BACKGROUND AND OBJECTIVES: The objective of this study was to assess the presence of autonomic nervous system dysfunction in PARK2 mutation carriers. PATIENTS AND METHODS: We performed a cross-sectional analysis of 8 PARK2 carriers (age: 60.1 ± 12.8 years) and 13 individuals with idiopathic PD (iPD) (age: 59.2 ± 8.9 years). Autonomic dysfunction was measured using the SCOPA-AUT questionnaire, non-invasive autonomic tests and responses of noradrenaline and vasopressin levels to postural changes. Myocardial sympathetic denervation was assessed with metaiodobenzylguanidine (MIBG) scintigraphy. This damage was further investigated in postmortem epicardial tissue of one PARK2 carrier and three control cases (two PDpatients and one subject without PD).
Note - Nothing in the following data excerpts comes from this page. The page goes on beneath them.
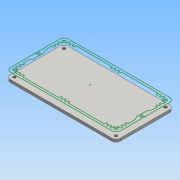
# Autodesk Inventor part: SZOMK-AK-C-C10-flat-plate
Saved by Autodesk Inventor 2016 (Build 200138000, 138)
## iProperties
Created: 2016-03-30
Part Number: SZOMK-AK-C-C10-flat-plate
Material: Generic
Document SubType Name: Modeling
Designer: admin
Density: 1 g/cm^3
Appearance: Default
Author: admin
Autodesk Inventor part; units mm, degrees
ref_plane "YZ Plane" through (0, 0, 0) normal (1, 0, 0) x (0, 1, 0)
ref_plane "XZ Plane" through (0, 0, 0) normal (0, 1, 0) x (-1, 0, 0)
ref_plane "XY Plane" through (0, 0, 0) normal (0, 0, 1) x (1, 0, 0)
derived "SZOMK-AK-C-C10-Walls.iam"
sketch "Sketch9" plane through (0, 0, 0) normal (0, 0, 1) x (1, 0, 0)
  line L0 (15.9674, 83.4048) -> (126.9674, 83.4048) projected
  arc A0 (15.9674, 83.4048) -> (11.4674, 78.9048) centre (15.9674, 78.9048) ccw projected
  line L1 (11.4674, 51.8798) -> (11.4674, 78.9048) projected
  line L2 (11.4674, 24.8548) -> (11.4674, 51.8798) projected
  arc A1 (11.4674, 24.8548) -> (15.9674, 20.3548) centre (15.9674, 24.8548) ccw projected
  line L3 (126.9674, 20.3548) -> (15.9674, 20.3548) projected
  arc A2 (126.9674, 20.3548) -> (131.4674, 24.8548) centre (126.9674, 24.8548) ccw projected
  line L4 (131.4674, 51.8798) -> (131.4674, 24.8548) projected
  line L5 (131.4674, 78.9048) -> (131.4674, 51.8798) projected
  arc A3 (131.4674, 78.9048) -> (126.9674, 83.4048) centre (126.9674, 78.9048) ccw projected
  point P0 (0, 0)
extrude "Extrusion3" add sketch "Sketch9" along normal blind 3
sketch "Sketch10" plane through (0, 0, 0) normal (0, 0, -1) x (-1, 0, 0)
  point P0 (0, 0)
  point P1 (-126.9674, 24.8548)
  point P2 (-126.9674, 78.9048)
  point P3 (-15.9674, 24.8548)
  point P4 (-15.9674, 78.9048)
hole "Hole1" at (126.9674, 78.9048, 0) at (126.9674, 24.8548, 0) at (15.9674, 24.8548, 0) at (15.9674, 78.9048, 0) direction (0, 0, 1) diameter 3 end through all countersink diameter 6 countersink angle 90
sketch "Sketch2" plane through (15.9674, 83.4048, 10) normal (0, 0, -1) x (1, 0, 0)
  line L0 (111, 31.525) -> (111, 24.3742) projected
  line L1 (111, 24.3742) -> (113, 21.6242) projected
  line L2 (113, 21.6242) -> (113, 15.7) projected
  line L3 (113, 15.7) -> (111, 15.7) projected
  line L4 (111, 15.7) -> (111, 13.7) projected
  line L5 (111, 13.7) -> (113, 13.7) projected
  line L6 (113, 13.7) -> (113, 11.7) projected
  line L7 (113, 11.7) -> (111, 11.7) projected
  line L8 (111, 11.7) -> (111, 9.7) projected
  line L9 (111, 9.7) -> (113, 9.7) projected
  line L10 (113, 9.7) -> (113, 7.3) projected
  line L11 (113, 7.3) -> (110.4678, 7.3) projected
  arc A0 (110.4678, 7.3) -> (110.1142, 6.4464) centre (110.4678, 6.8) ccw projected
  line L12 (110.1142, 6.4464) -> (110.6118, 5.9489) projected
  arc A1 (109.5511, 4.8882) -> (110.6118, 5.9489) centre (111, 4.5) ccw projected
  line L13 (109.5511, 4.8882) -> (109.0536, 5.3858) projected
  arc A2 (109.0536, 5.3858) -> (108.2, 5.0322) centre (108.7, 5.0322) ccw projected
  line L14 (108.2, 5.0322) -> (108.2, 2.3) projected
  line L15 (108.2, 2.3) -> (106.2, 2.3) projected
  line L16 (106.2, 2.3) -> (106.2, 4.5) projected
  line L17 (106.2, 4.5) -> (104.2, 4.5) projected
  line L18 (104.2, 4.5) -> (104.2, 2.3) projected
  line L19 (104.2, 2.3) -> (102.2, 2.3) projected
  line L20 (102.2, 2.3) -> (102.2, 4.5) projected
  line L21 (102.2, 4.5) -> (100.2, 4.5) projected
  line L22 (100.2, 4.5) -> (100.2, 2.3) projected
  line L23 (100.2, 2.3) -> (60.5, 2.3) projected
  line L24 (60.5, 2.3) -> (60.5, 4.5) projected
  line L25 (60.5, 4.5) -> (58.5, 4.5) projected
  line L26 (58.5, 4.5) -> (58.5, 2.3) projected
  line L27 (58.5, 2.3) -> (56.5, 2.3) projected
  line L28 (56.5, 2.3) -> (56.5, 4.5) projected
  line L29 (56.5, 4.5) -> (54.5, 4.5) projected
  line L30 (54.5, 4.5) -> (54.5, 2.3) projected
  line L31 (54.5, 2.3) -> (52.5, 2.3) projected
  line L32 (52.5, 2.3) -> (52.5, 4.5) projected
  line L33 (52.5, 4.5) -> (50.5, 4.5) projected
  line L34 (50.5, 4.5) -> (50.5, 2.3) projected
  line L35 (50.5, 2.3) -> (10.8, 2.3) projected
  line L36 (10.8, 2.3) -> (10.8, 4.5) projected
  line L37 (10.8, 4.5) -> (8.8, 4.5) projected
  line L38 (8.8, 4.5) -> (8.8, 2.3) projected
  line L39 (8.8, 2.3) -> (6.8, 2.3) projected
  line L40 (6.8, 2.3) -> (6.8, 4.5) projected
  line L41 (6.8, 4.5) -> (4.8, 4.5) projected
  line L42 (4.8, 4.5) -> (4.8, 2.3) projected
  line L43 (4.8, 2.3) -> (2.8, 2.3) projected
  line L44 (2.8, 2.3) -> (2.8, 5.0322) projected
  arc A3 (2.8, 5.0322) -> (1.9464, 5.3858) centre (2.3, 5.0322) ccw projected
  line L45 (1.9464, 5.3858) -> (1.4489, 4.8882) projected
  arc A4 (0.3882, 5.9489) -> (1.4489, 4.8882) centre (0, 4.5) ccw projected
  line L46 (0.3882, 5.9489) -> (0.8858, 6.4464) projected
  arc A5 (0.8858, 6.4464) -> (0.5322, 7.3) centre (0.5322, 6.8) ccw projected
  line L47 (0.5322, 7.3) -> (-2, 7.3) projected
  line L48 (-2, 7.3) -> (-2, 9.7) projected
  line L49 (-2, 9.7) -> (0, 9.7) projected
  line L50 (0, 9.7) -> (0, 11.7) projected
  line L51 (0, 11.7) -> (-2, 11.7) projected
  line L52 (-2, 11.7) -> (-2, 13.7) projected
  line L53 (-2, 13.7) -> (0, 13.7) projected
  line L54 (0, 13.7) -> (0, 15.7) projected
  line L55 (0, 15.7) -> (-2, 15.7) projected
  line L56 (-2, 15.7) -> (-2, 23.3362) projected
  line L57 (-2, 23.3362) -> (0, 26.7706) projected
  line L58 (0, 26.7706) -> (0, 31.525) projected
  line L59 (0, 31.525) -> (-1.5, 31.525) projected
  line L60 (-1.5, 31.525) -> (-1.5, 30.1864) projected
  arc A6 (-3, 30.1864) -> (-1.5, 30.1864) centre (-2.25, 29.525) ccw projected
  line L61 (-3, 30.1864) -> (-3, 31.525) projected
  line L62 (-3, 31.525) -> (-4.5, 31.525) projected
  line L63 (-4.5, 31.525) -> (-4.5, 4.5) projected
  arc A7 (-4.5, 4.5) -> (0, 0) centre (0, 4.5) ccw projected
  line L64 (0, 0) -> (111, 0) projected
  arc A8 (111, 0) -> (115.5, 4.5) centre (111, 4.5) ccw projected
  line L65 (115.5, 4.5) -> (115.5, 31.525) projected
  line L66 (115.5, 31.525) -> (114, 31.525) projected
  line L67 (114, 31.525) -> (114, 32.8636) projected
  arc A9 (114, 32.8636) -> (112.5, 32.8636) centre (113.25, 33.525) ccw projected
  line L68 (112.5, 32.8636) -> (112.5, 31.525) projected
  line L69 (112.5, 31.525) -> (111, 31.525) projected
  point P0 (55.5, 31.525)
sketch "Sketch2_1" plane through (15.9674, 20.3548, 10) normal (0, -1, 0) x (1, 0, 0)
  line L0 (44.2295, 1.8659) -> (36.146, 1.8659) construction
  line L1 (36.146, 1.8659) -> (36.146, 6.333) construction
  line L2 (36.146, 6.333) -> (44.2295, 6.333) construction
  line L3 (44.2295, 6.333) -> (44.2295, 1.8659) construction
  point P0 (55.5, 0)
sketch "Sketch3" plane through (126.9674, 20.3548, 10) normal (0, 0, -1) x (-1, 0, 0)
  line L0 (111, 31.525) -> (111, 24.3742) projected
  line L1 (111, 24.3742) -> (113, 21.6242) projected
  line L2 (113, 21.6242) -> (113, 15.7) projected
  line L3 (113, 15.7) -> (111, 15.7) projected
  line L4 (111, 15.7) -> (111, 13.7) projected
  line L5 (111, 13.7) -> (113, 13.7) projected
  line L6 (113, 13.7) -> (113, 11.7) projected
  line L7 (113, 11.7) -> (111, 11.7) projected
  line L8 (111, 11.7) -> (111, 9.7) projected
  line L9 (111, 9.7) -> (113, 9.7) projected
  line L10 (113, 9.7) -> (113, 7.3) projected
  line L11 (113, 7.3) -> (110.4678, 7.3) projected
  arc A0 (110.4678, 7.3) -> (110.1142, 6.4464) centre (110.4678, 6.8) ccw projected
  line L12 (110.1142, 6.4464) -> (110.6118, 5.9489) projected
  arc A1 (109.5511, 4.8882) -> (110.6118, 5.9489) centre (111, 4.5) ccw projected
  line L13 (109.5511, 4.8882) -> (109.0536, 5.3858) projected
  arc A2 (109.0536, 5.3858) -> (108.2, 5.0322) centre (108.7, 5.0322) ccw projected
  line L14 (108.2, 5.0322) -> (108.2, 2.3) projected
  line L15 (108.2, 2.3) -> (106.2, 2.3) projected
  line L16 (106.2, 2.3) -> (106.2, 4.5) projected
  line L17 (106.2, 4.5) -> (104.2, 4.5) projected
  line L18 (104.2, 4.5) -> (104.2, 2.3) projected
  line L19 (104.2, 2.3) -> (102.2, 2.3) projected
  line L20 (102.2, 2.3) -> (102.2, 4.5) projected
  line L21 (102.2, 4.5) -> (100.2, 4.5) projected
  line L22 (100.2, 4.5) -> (100.2, 2.3) projected
  line L23 (100.2, 2.3) -> (60.5, 2.3) projected
  line L24 (60.5, 2.3) -> (60.5, 4.5) projected
  line L25 (60.5, 4.5) -> (58.5, 4.5) projected
  line L26 (58.5, 4.5) -> (58.5, 2.3) projected
  line L27 (58.5, 2.3) -> (56.5, 2.3) projected
  line L28 (56.5, 2.3) -> (56.5, 4.5) projected
  line L29 (56.5, 4.5) -> (54.5, 4.5) projected
  line L30 (54.5, 4.5) -> (54.5, 2.3) projected
  line L31 (54.5, 2.3) -> (52.5, 2.3) projected
  line L32 (52.5, 2.3) -> (52.5, 4.5) projected
  line L33 (52.5, 4.5) -> (50.5, 4.5) projected
  line L34 (50.5, 4.5) -> (50.5, 2.3) projected
  line L35 (50.5, 2.3) -> (10.8, 2.3) projected
  line L36 (10.8, 2.3) -> (10.8, 4.5) projected
  line L37 (10.8, 4.5) -> (8.8, 4.5) projected
  line L38 (8.8, 4.5) -> (8.8, 2.3) projected
  line L39 (8.8, 2.3) -> (6.8, 2.3) projected
  line L40 (6.8, 2.3) -> (6.8, 4.5) projected
  line L41 (6.8, 4.5) -> (4.8, 4.5) projected
  line L42 (4.8, 4.5) -> (4.8, 2.3) projected
  line L43 (4.8, 2.3) -> (2.8, 2.3) projected
  line L44 (2.8, 2.3) -> (2.8, 5.0322) projected
  arc A3 (2.8, 5.0322) -> (1.9464, 5.3858) centre (2.3, 5.0322) ccw projected
  line L45 (1.9464, 5.3858) -> (1.4489, 4.8882) projected
  arc A4 (0.3882, 5.9489) -> (1.4489, 4.8882) centre (0, 4.5) ccw projected
  line L46 (0.3882, 5.9489) -> (0.8858, 6.4464) projected
  arc A5 (0.8858, 6.4464) -> (0.5322, 7.3) centre (0.5322, 6.8) ccw projected
  line L47 (0.5322, 7.3) -> (-2, 7.3) projected
  line L48 (-2, 7.3) -> (-2, 9.7) projected
  line L49 (-2, 9.7) -> (0, 9.7) projected
  line L50 (0, 9.7) -> (0, 11.7) projected
  line L51 (0, 11.7) -> (-2, 11.7) projected
  line L52 (-2, 11.7) -> (-2, 13.7) projected
  line L53 (-2, 13.7) -> (0, 13.7) projected
  line L54 (0, 13.7) -> (0, 15.7) projected
  line L55 (0, 15.7) -> (-2, 15.7) projected
  line L56 (-2, 15.7) -> (-2, 23.3362) projected
  line L57 (-2, 23.3362) -> (0, 26.7706) projected
  line L58 (0, 26.7706) -> (0, 31.525) projected
  line L59 (0, 31.525) -> (-1.5, 31.525) projected
  line L60 (-1.5, 31.525) -> (-1.5, 30.1864) projected
  arc A6 (-3, 30.1864) -> (-1.5, 30.1864) centre (-2.25, 29.525) ccw projected
  line L61 (-3, 30.1864) -> (-3, 31.525) projected
  line L62 (-3, 31.525) -> (-4.5, 31.525) projected
  line L63 (-4.5, 31.525) -> (-4.5, 4.5) projected
  arc A7 (-4.5, 4.5) -> (0, 0) centre (0, 4.5) ccw projected
  line L64 (0, 0) -> (111, 0) projected
  arc A8 (111, 0) -> (115.5, 4.5) centre (111, 4.5) ccw projected
  line L65 (115.5, 4.5) -> (115.5, 31.525) projected
  line L66 (115.5, 31.525) -> (114, 31.525) projected
  line L67 (114, 31.525) -> (114, 32.8636) projected
  arc A9 (114, 32.8636) -> (112.5, 32.8636) centre (113.25, 33.525) ccw projected
  line L68 (112.5, 32.8636) -> (112.5, 31.525) projected
  line L69 (112.5, 31.525) -> (111, 31.525) projected
  point P0 (55.5, 31.525)
body "Solid6"

RESULTS: The prevalence of autonomic symptoms and orthostatic hypotension (OH) was lower in PARK2 mutation carriers than in iPD patients (SCOPA OUT: 3.4 ± 4.8 vs. 14.7 ± 7.2, p < 0.001; OH: present in three iPD patients but none of the PARK2 mutation carriers). Second, sympathetic myocardial denervation was less severe in PARK2 mutation carriers compared to controls, both in MIBG scintigraphy (late H/M uptake ratio: 1.52 ± 0.35 vs. 1.32 ± 0.25 p < 0.05) and in postmortem tissue study. Interestingly, axonal alpha-synuclein deposits were absent in epicardial tissue of the PARK2 mutation carrier while they were present in the two PDpatients. INTERPRETATION: Our study supports the view that autonomic nervous system dysfunction and myocardial sympathetic denervation are less pronounced in PARK2 mutation carriers than in individuals with iPD, suggesting that the involvement of small peripheral sympathetic nerve fibers is a minor pathological hallmark in PARK2 carriers.